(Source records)
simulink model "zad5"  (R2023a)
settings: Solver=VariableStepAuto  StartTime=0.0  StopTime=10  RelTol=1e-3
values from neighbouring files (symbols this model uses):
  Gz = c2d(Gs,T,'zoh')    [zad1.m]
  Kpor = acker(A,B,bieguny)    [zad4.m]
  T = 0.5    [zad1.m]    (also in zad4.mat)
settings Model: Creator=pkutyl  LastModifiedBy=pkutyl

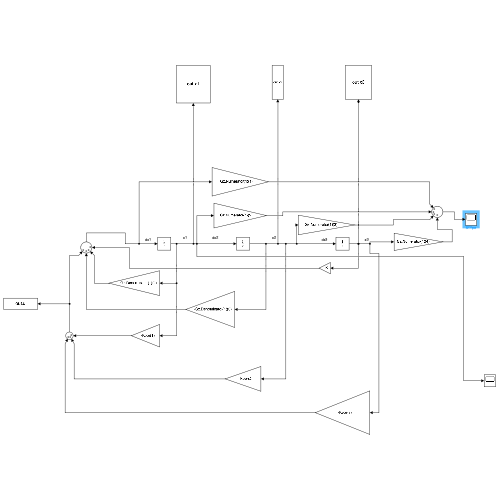
[thumbnail: Simulink's stored preview of the top-level diagram]
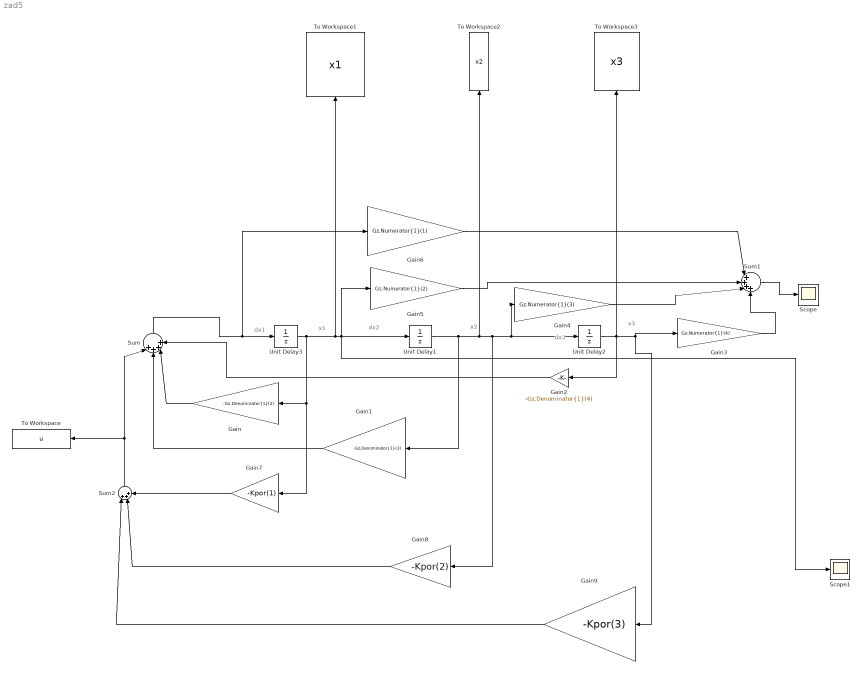
== system zad5 ==
  note: dx1
  note: dx2
  note: x1
  note: x3
  note: x2
  note: dx3
  Gain : Gain  Gain=-Gz.Denominator{1}(2)
  Gain1 : Gain  Gain=-Gz.Denominator{1}(3)
  Gain2 : Gain  Gain=-Gz.Denominator{1}(4)
  Gain3 : Gain  Gain=Gz.Numerator{1}(4)
  Gain4 : Gain  Gain=Gz.Numerator{1}(3)
  Gain5 : Gain  Gain=Gz.Numerator{1}(2)
  Gain6 : Gain  Gain=Gz.Numerator{1}(1)
  Gain7 : Gain  Gain=-Kpor(1)
  Gain8 : Gain  Gain=-Kpor(2)
  Gain9 : Gain  Gain=-Kpor(3)
  Scope : Scope
  Scope1 : Scope
  Sum : Sum  Inputs=|++++
  Sum1 : Sum  Inputs=|++++
  Sum2 : Sum  Inputs=|+++
  To Workspace : ToWorkspace  VariableName=u  SaveFormat=Structure With Time  SampleTime=-1
  To Workspace1 : ToWorkspace  VariableName=x1  SaveFormat=Structure With Time  SampleTime=-1
  To Workspace2 : ToWorkspace  VariableName=x2  SaveFormat=Structure With Time  SampleTime=-1
  To Workspace3 : ToWorkspace  VariableName=x3  SaveFormat=Structure With Time  SampleTime=-1
  Unit Delay1 : UnitDelay  InitialCondition=1  SampleTime=T  HasFrameUpgradeWarning=on
  Unit Delay2 : UnitDelay  InitialCondition=-1  SampleTime=T  HasFrameUpgradeWarning=on
  Unit Delay3 : UnitDelay  InitialCondition=2  SampleTime=T  HasFrameUpgradeWarning=on
  wires:
  Gain6/1 -> Sum1/1
  Unit Delay3/1 -> Gain7/1, Gain/1, Gain5/1, Unit Delay1/1, Scope1/1, To Workspace1/1
  Gain4/1 -> Sum1/3
  Gain9/1 -> Sum2/1
  Sum/1 -> Unit Delay3/1, Gain6/1
  Gain1/1 -> Sum/2
  Sum1/1 -> Scope/1
  Gain2/1 -> Sum/4
  Unit Delay1/1 -> Gain1/1, Gain8/1, Gain4/1, Unit Delay2/1, To Workspace2/1
  Sum2/1 -> To Workspace/1, Sum/1
  Unit Delay2/1 -> Gain3/1, Gain9/1, To Workspace3/1, Gain2/1
  Gain/1 -> Sum/3
  Gain8/1 -> Sum2/2
  Gain5/1 -> Sum1/2
  Gain7/1 -> Sum2/3
  Gain3/1 -> Sum1/4

> **Task description**
Where a line of the data above includes the string "HasFrameUpgradeWarning", pull it out.

> **Result of this exercise**
  Unit Delay1 : UnitDelay  InitialCondition=1  SampleTime=T  HasFrameUpgradeWarning=on
  Unit Delay2 : UnitDelay  InitialCondition=-1  SampleTime=T  HasFrameUpgradeWarning=on
  Unit Delay3 : UnitDelay  InitialCondition=2  SampleTime=T  HasFrameUpgradeWarning=on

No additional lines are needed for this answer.